The scandal should prompt us once again to ponder the question of privacy on the social networks: on the one hand millions of young people are abandoning a Facebook no longer seen as “cool” because their parents and grandparents use it, and also because everything they say on it will be there for all eternity.

At the same time, they fall over themselves to sign up to Snapchat, which promises destruction of messages and photos within seconds of them being sent, even though there is ample evidence to the contrary. Within months of its launch, Snapchat undergoes astronomical growth, such that it is able to reject a $3 billion offer by Facebook, then a rumored $4 billion bid by Google, and is valued at $10 billion, while being described by Mark Zuckerberg as a “super-interesting privacy phenomenon.”

And herein lies the paradox: from the moment the first users began to try out Snapchat it was perfectly clear that it was very easy to retain photos and messages, either by quickly photographing the screen with another phone, or via a screen save (no easy task, and one that required holding the thumb down on the screen to see the snap, but far from impossible, or by using apps that soon appeared specifically for the purpose.

Offer developers a supposedly impossible challenge and they will come up with a solution, especially if there is money to be made. What’s more, Snapchat itself showed in January of this year that its security systems were not exactly watertight and that the supposed privacy it offered could be violated relatively easily.

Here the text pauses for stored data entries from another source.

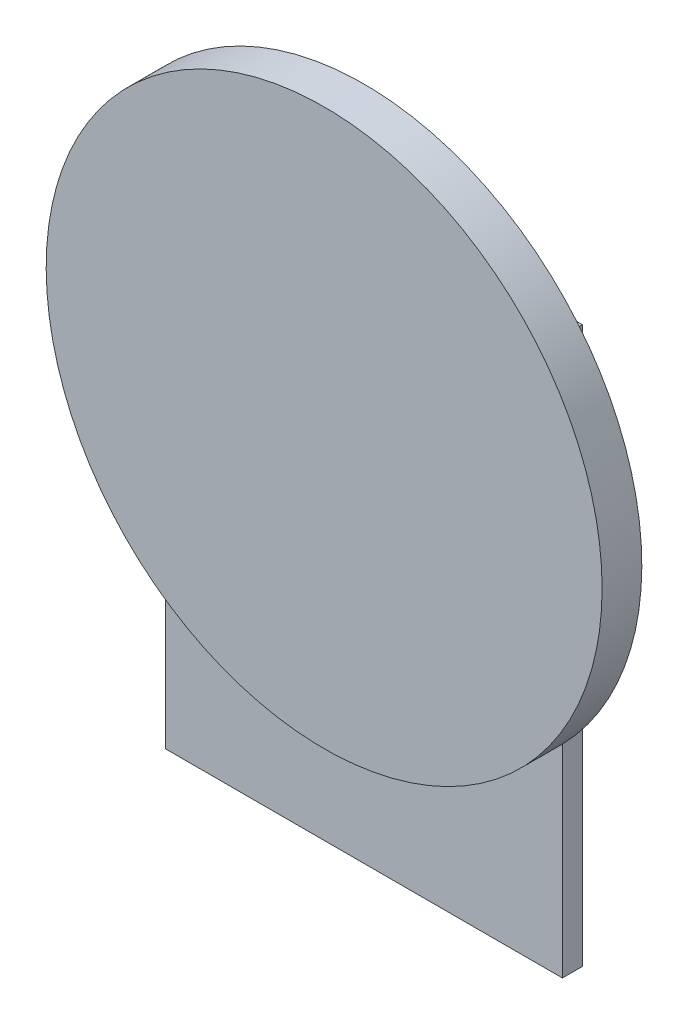
ISO-10303-21;
HEADER;
FILE_DESCRIPTION(('STEP AP214'),'2;1');
FILE_NAME('part.step','',(''),(''),'','','');
FILE_SCHEMA(('AUTOMOTIVE_DESIGN { 1 0 10303 214 1 1 1 1 }'));
ENDSEC;
DATA;
#1=APPLICATION_CONTEXT('core data for automotive mechanical design processes');
#2=APPLICATION_PROTOCOL_DEFINITION('international standard','automotive_design',2000,#1);
#3=PRODUCT_CONTEXT('',#1,'mechanical');
#4=PRODUCT('Part','Part','',(#3));
#5=PRODUCT_RELATED_PRODUCT_CATEGORY('part','',(#4));
#6=PRODUCT_DEFINITION_FORMATION('','',#4);
#7=PRODUCT_DEFINITION_CONTEXT('part definition',#1,'design');
#8=PRODUCT_DEFINITION('design','',#6,#7);
#9=PRODUCT_DEFINITION_SHAPE('','',#8);
#10=(LENGTH_UNIT() NAMED_UNIT(*) SI_UNIT(.MILLI.,.METRE.));
#11=(NAMED_UNIT(*) PLANE_ANGLE_UNIT() SI_UNIT($,.RADIAN.));
#12=(NAMED_UNIT(*) SI_UNIT($,.STERADIAN.) SOLID_ANGLE_UNIT());
#13=UNCERTAINTY_MEASURE_WITH_UNIT(LENGTH_MEASURE(1.E-05),#10,'distance_accuracy_value','');
#14=(GEOMETRIC_REPRESENTATION_CONTEXT(3) GLOBAL_UNCERTAINTY_ASSIGNED_CONTEXT((#13)) GLOBAL_UNIT_ASSIGNED_CONTEXT((#10,
#11,#12)) REPRESENTATION_CONTEXT('',''));
#15=CARTESIAN_POINT('',(0.,0.,0.));
#16=DIRECTION('',(0.,0.,1.));
#17=DIRECTION('',(1.,0.,0.));
#18=AXIS2_PLACEMENT_3D('',#15,#16,#17);
#19=CARTESIAN_POINT('',(0.,0.,0.));
#20=DIRECTION('',(0.,0.,1.));
#21=DIRECTION('',(1.,0.,0.));
#22=AXIS2_PLACEMENT_3D('',#19,#20,#21);
#23=PLANE('',#22);
#24=DIRECTION('',(0.,-1.,0.));
#25=VECTOR('',#24,1.);
#26=CARTESIAN_POINT('',(5.,4.,0.));
#27=LINE('',#26,#25);
#28=CARTESIAN_POINT('',(5.,4.,0.));
#29=VERTEX_POINT('',#28);
#30=CARTESIAN_POINT('',(5.,-4.89897948556636,0.));
#31=VERTEX_POINT('',#30);
#32=EDGE_CURVE('E51',#29,#31,#27,.T.);
#33=ORIENTED_EDGE('',*,*,#32,.F.);
#34=DIRECTION('',(1.,0.,0.));
#35=VECTOR('',#34,1.);
#36=CARTESIAN_POINT('',(5.,4.,0.));
#37=LINE('',#36,#35);
#38=CARTESIAN_POINT('',(-5.,4.,0.));
#39=VERTEX_POINT('',#38);
#40=EDGE_CURVE('E101',#39,#29,#37,.T.);
#41=ORIENTED_EDGE('',*,*,#40,.F.);
#42=DIRECTION('',(0.,1.,0.));
#43=VECTOR('',#42,1.);
#44=CARTESIAN_POINT('',(-5.,4.,0.));
#45=LINE('',#44,#43);
#46=CARTESIAN_POINT('',(-5.,-4.89897948556636,0.));
#47=VERTEX_POINT('',#46);
#48=EDGE_CURVE('E11',#47,#39,#45,.T.);
#49=ORIENTED_EDGE('',*,*,#48,.F.);
#50=CARTESIAN_POINT('',(0.,0.,0.));
#51=DIRECTION('',(0.,0.,1.));
#52=DIRECTION('',(1.,0.,0.));
#53=AXIS2_PLACEMENT_3D('',#50,#51,#52);
#54=CIRCLE('',#53,7.);
#55=EDGE_CURVE('E56',#31,#47,#54,.T.);
#56=ORIENTED_EDGE('',*,*,#55,.F.);
#57=EDGE_LOOP('',(#33,#41,#49,#56));
#58=FACE_BOUND('',#57,.T.);
#59=ADVANCED_FACE('F33',(#58),#23,.F.);
#60=CARTESIAN_POINT('',(0.,0.,1.));
#61=DIRECTION('',(0.,0.,-1.));
#62=DIRECTION('',(-1.,0.,0.));
#63=AXIS2_PLACEMENT_3D('',#60,#61,#62);
#64=CYLINDRICAL_SURFACE('',#63,7.);
#65=CARTESIAN_POINT('',(0.,0.,1.));
#66=DIRECTION('',(0.,0.,1.));
#67=DIRECTION('',(1.,0.,0.));
#68=AXIS2_PLACEMENT_3D('',#65,#66,#67);
#69=CIRCLE('',#68,7.);
#70=CARTESIAN_POINT('',(7.,0.,1.));
#71=VERTEX_POINT('',#70);
#72=EDGE_CURVE('E42',#71,#71,#69,.T.);
#73=ORIENTED_EDGE('',*,*,#72,.F.);
#74=EDGE_LOOP('',(#73));
#75=FACE_BOUND('',#74,.T.);
#76=EDGE_CURVE('E37',#47,#31,#54,.T.);
#77=ORIENTED_EDGE('',*,*,#76,.T.);
#78=ORIENTED_EDGE('',*,*,#55,.T.);
#79=EDGE_LOOP('',(#77,#78));
#80=FACE_BOUND('',#79,.T.);
#81=ADVANCED_FACE('F35',(#75,#80),#64,.T.);
#82=CARTESIAN_POINT('',(0.,0.,1.));
#83=DIRECTION('',(0.,0.,1.));
#84=DIRECTION('',(1.,0.,0.));
#85=AXIS2_PLACEMENT_3D('',#82,#83,#84);
#86=PLANE('',#85);
#87=ORIENTED_EDGE('',*,*,#72,.T.);
#88=EDGE_LOOP('',(#87));
#89=FACE_BOUND('',#88,.T.);
#90=ADVANCED_FACE('F138',(#89),#86,.T.);
#91=CARTESIAN_POINT('',(5.,4.,-0.5));
#92=DIRECTION('',(-1.,0.,0.));
#93=DIRECTION('',(0.,0.,1.));
#94=AXIS2_PLACEMENT_3D('',#91,#92,#93);
#95=PLANE('',#94);
#96=ORIENTED_EDGE('',*,*,#32,.T.);
#97=CARTESIAN_POINT('',(5.,-10.,0.));
#98=VERTEX_POINT('',#97);
#99=EDGE_CURVE('E105',#31,#98,#27,.T.);
#100=ORIENTED_EDGE('',*,*,#99,.T.);
#101=DIRECTION('',(0.,0.,1.));
#102=VECTOR('',#101,1.);
#103=CARTESIAN_POINT('',(5.,-10.,-0.5));
#104=LINE('',#103,#102);
#105=CARTESIAN_POINT('',(5.,-10.,-0.5));
#106=VERTEX_POINT('',#105);
#107=EDGE_CURVE('E86',#106,#98,#104,.T.);
#108=ORIENTED_EDGE('',*,*,#107,.F.);
#109=DIRECTION('',(0.,-1.,0.));
#110=VECTOR('',#109,1.);
#111=CARTESIAN_POINT('',(5.,4.,-0.5));
#112=LINE('',#111,#110);
#113=CARTESIAN_POINT('',(5.,4.,-0.5));
#114=VERTEX_POINT('',#113);
#115=EDGE_CURVE('E92',#114,#106,#112,.T.);
#116=ORIENTED_EDGE('',*,*,#115,.F.);
#117=DIRECTION('',(0.,0.,1.));
#118=VECTOR('',#117,1.);
#119=CARTESIAN_POINT('',(5.,4.,-0.5));
#120=LINE('',#119,#118);
#121=EDGE_CURVE('E122',#114,#29,#120,.T.);
#122=ORIENTED_EDGE('',*,*,#121,.T.);
#123=EDGE_LOOP('',(#96,#100,#108,#116,#122));
#124=FACE_BOUND('',#123,.T.);
#125=ADVANCED_FACE('F103',(#124),#95,.F.);
#126=CARTESIAN_POINT('',(5.,-10.,-0.5));
#127=DIRECTION('',(0.,1.,0.));
#128=DIRECTION('',(0.,0.,1.));
#129=AXIS2_PLACEMENT_3D('',#126,#127,#128);
#130=PLANE('',#129);
#131=DIRECTION('',(-1.,0.,0.));
#132=VECTOR('',#131,1.);
#133=CARTESIAN_POINT('',(5.,-10.,0.));
#134=LINE('',#133,#132);
#135=CARTESIAN_POINT('',(-5.,-10.,0.));
#136=VERTEX_POINT('',#135);
#137=EDGE_CURVE('E120',#98,#136,#134,.T.);
#138=ORIENTED_EDGE('',*,*,#137,.T.);
#139=DIRECTION('',(0.,0.,1.));
#140=VECTOR('',#139,1.);
#141=CARTESIAN_POINT('',(-5.,-10.,-0.5));
#142=LINE('',#141,#140);
#143=CARTESIAN_POINT('',(-5.,-10.,-0.5));
#144=VERTEX_POINT('',#143);
#145=EDGE_CURVE('E88',#144,#136,#142,.T.);
#146=ORIENTED_EDGE('',*,*,#145,.F.);
#147=DIRECTION('',(-1.,0.,0.));
#148=VECTOR('',#147,1.);
#149=CARTESIAN_POINT('',(5.,-10.,-0.5));
#150=LINE('',#149,#148);
#151=EDGE_CURVE('E82',#106,#144,#150,.T.);
#152=ORIENTED_EDGE('',*,*,#151,.F.);
#153=ORIENTED_EDGE('',*,*,#107,.T.);
#154=EDGE_LOOP('',(#138,#146,#152,#153));
#155=FACE_BOUND('',#154,.T.);
#156=ADVANCED_FACE('F84',(#155),#130,.F.);
#157=CARTESIAN_POINT('',(-5.,4.,-0.5));
#158=DIRECTION('',(1.,0.,0.));
#159=DIRECTION('',(0.,0.,-1.));
#160=AXIS2_PLACEMENT_3D('',#157,#158,#159);
#161=PLANE('',#160);
#162=EDGE_CURVE('E44',#136,#47,#45,.T.);
#163=ORIENTED_EDGE('',*,*,#162,.T.);
#164=ORIENTED_EDGE('',*,*,#48,.T.);
#165=DIRECTION('',(0.,0.,1.));
#166=VECTOR('',#165,1.);
#167=CARTESIAN_POINT('',(-5.,4.,-0.5));
#168=LINE('',#167,#166);
#169=CARTESIAN_POINT('',(-5.,4.,-0.5));
#170=VERTEX_POINT('',#169);
#171=EDGE_CURVE('E108',#170,#39,#168,.T.);
#172=ORIENTED_EDGE('',*,*,#171,.F.);
#173=DIRECTION('',(0.,1.,0.));
#174=VECTOR('',#173,1.);
#175=CARTESIAN_POINT('',(-5.,4.,-0.5));
#176=LINE('',#175,#174);
#177=EDGE_CURVE('E91',#144,#170,#176,.T.);
#178=ORIENTED_EDGE('',*,*,#177,.F.);
#179=ORIENTED_EDGE('',*,*,#145,.T.);
#180=EDGE_LOOP('',(#163,#164,#172,#178,#179));
#181=FACE_BOUND('',#180,.T.);
#182=ADVANCED_FACE('F133',(#181),#161,.F.);
#183=CARTESIAN_POINT('',(5.,4.,-0.5));
#184=DIRECTION('',(0.,-1.,0.));
#185=DIRECTION('',(0.,0.,-1.));
#186=AXIS2_PLACEMENT_3D('',#183,#184,#185);
#187=PLANE('',#186);
#188=ORIENTED_EDGE('',*,*,#40,.T.);
#189=ORIENTED_EDGE('',*,*,#121,.F.);
#190=DIRECTION('',(1.,0.,0.));
#191=VECTOR('',#190,1.);
#192=CARTESIAN_POINT('',(5.,4.,-0.5));
#193=LINE('',#192,#191);
#194=EDGE_CURVE('E97',#170,#114,#193,.T.);
#195=ORIENTED_EDGE('',*,*,#194,.F.);
#196=ORIENTED_EDGE('',*,*,#171,.T.);
#197=EDGE_LOOP('',(#188,#189,#195,#196));
#198=FACE_BOUND('',#197,.T.);
#199=ADVANCED_FACE('F131',(#198),#187,.F.);
#200=CARTESIAN_POINT('',(0.,0.,-0.5));
#201=DIRECTION('',(0.,0.,-1.));
#202=DIRECTION('',(-1.,0.,0.));
#203=AXIS2_PLACEMENT_3D('',#200,#201,#202);
#204=PLANE('',#203);
#205=ORIENTED_EDGE('',*,*,#115,.T.);
#206=ORIENTED_EDGE('',*,*,#151,.T.);
#207=ORIENTED_EDGE('',*,*,#177,.T.);
#208=ORIENTED_EDGE('',*,*,#194,.T.);
#209=EDGE_LOOP('',(#205,#206,#207,#208));
#210=FACE_BOUND('',#209,.T.);
#211=ADVANCED_FACE('F95',(#210),#204,.T.);
#212=CARTESIAN_POINT('',(0.,0.,0.));
#213=DIRECTION('',(0.,0.,-1.));
#214=DIRECTION('',(-1.,0.,0.));
#215=AXIS2_PLACEMENT_3D('',#212,#213,#214);
#216=PLANE('',#215);
#217=ORIENTED_EDGE('',*,*,#76,.F.);
#218=ORIENTED_EDGE('',*,*,#162,.F.);
#219=ORIENTED_EDGE('',*,*,#137,.F.);
#220=ORIENTED_EDGE('',*,*,#99,.F.);
#221=EDGE_LOOP('',(#217,#218,#219,#220));
#222=FACE_BOUND('',#221,.T.);
#223=ADVANCED_FACE('F119',(#222),#216,.F.);
#224=CLOSED_SHELL('',(#59,#81,#90,#125,#156,#182,#199,#211,#223));
#225=MANIFOLD_SOLID_BREP('B2',#224);
#226=ADVANCED_BREP_SHAPE_REPRESENTATION('',(#18,#225),#14);
#227=SHAPE_DEFINITION_REPRESENTATION(#9,#226);
ENDSEC;
END-ISO-10303-21;

And so many Snapchat users installed the app so as to be able to overcome what they had initially seen as the service’s competitive advantage: that their messages would only be seen once, for a few seconds. Snapchat went out of its way to trawl through the App Store and Play Market, finding such apps, and reporting them for violating the terms and conditions of the service, and for the danger they represented. But there is little to be done when a certain product is in demand. And following the success of its first product based on the concept of the self-destructing message, Snapchat itself launched other versions that allowed messages to be stored, but the outlaw apps remained popular.

Here’s the question: if just about everybody knew that Snapchat’s privacy was an illusion, and that there were any number of ways to save messages, why did people continue using it to send photographs and movie clips of a sexually explicit nature (a euphemism if there ever was one)?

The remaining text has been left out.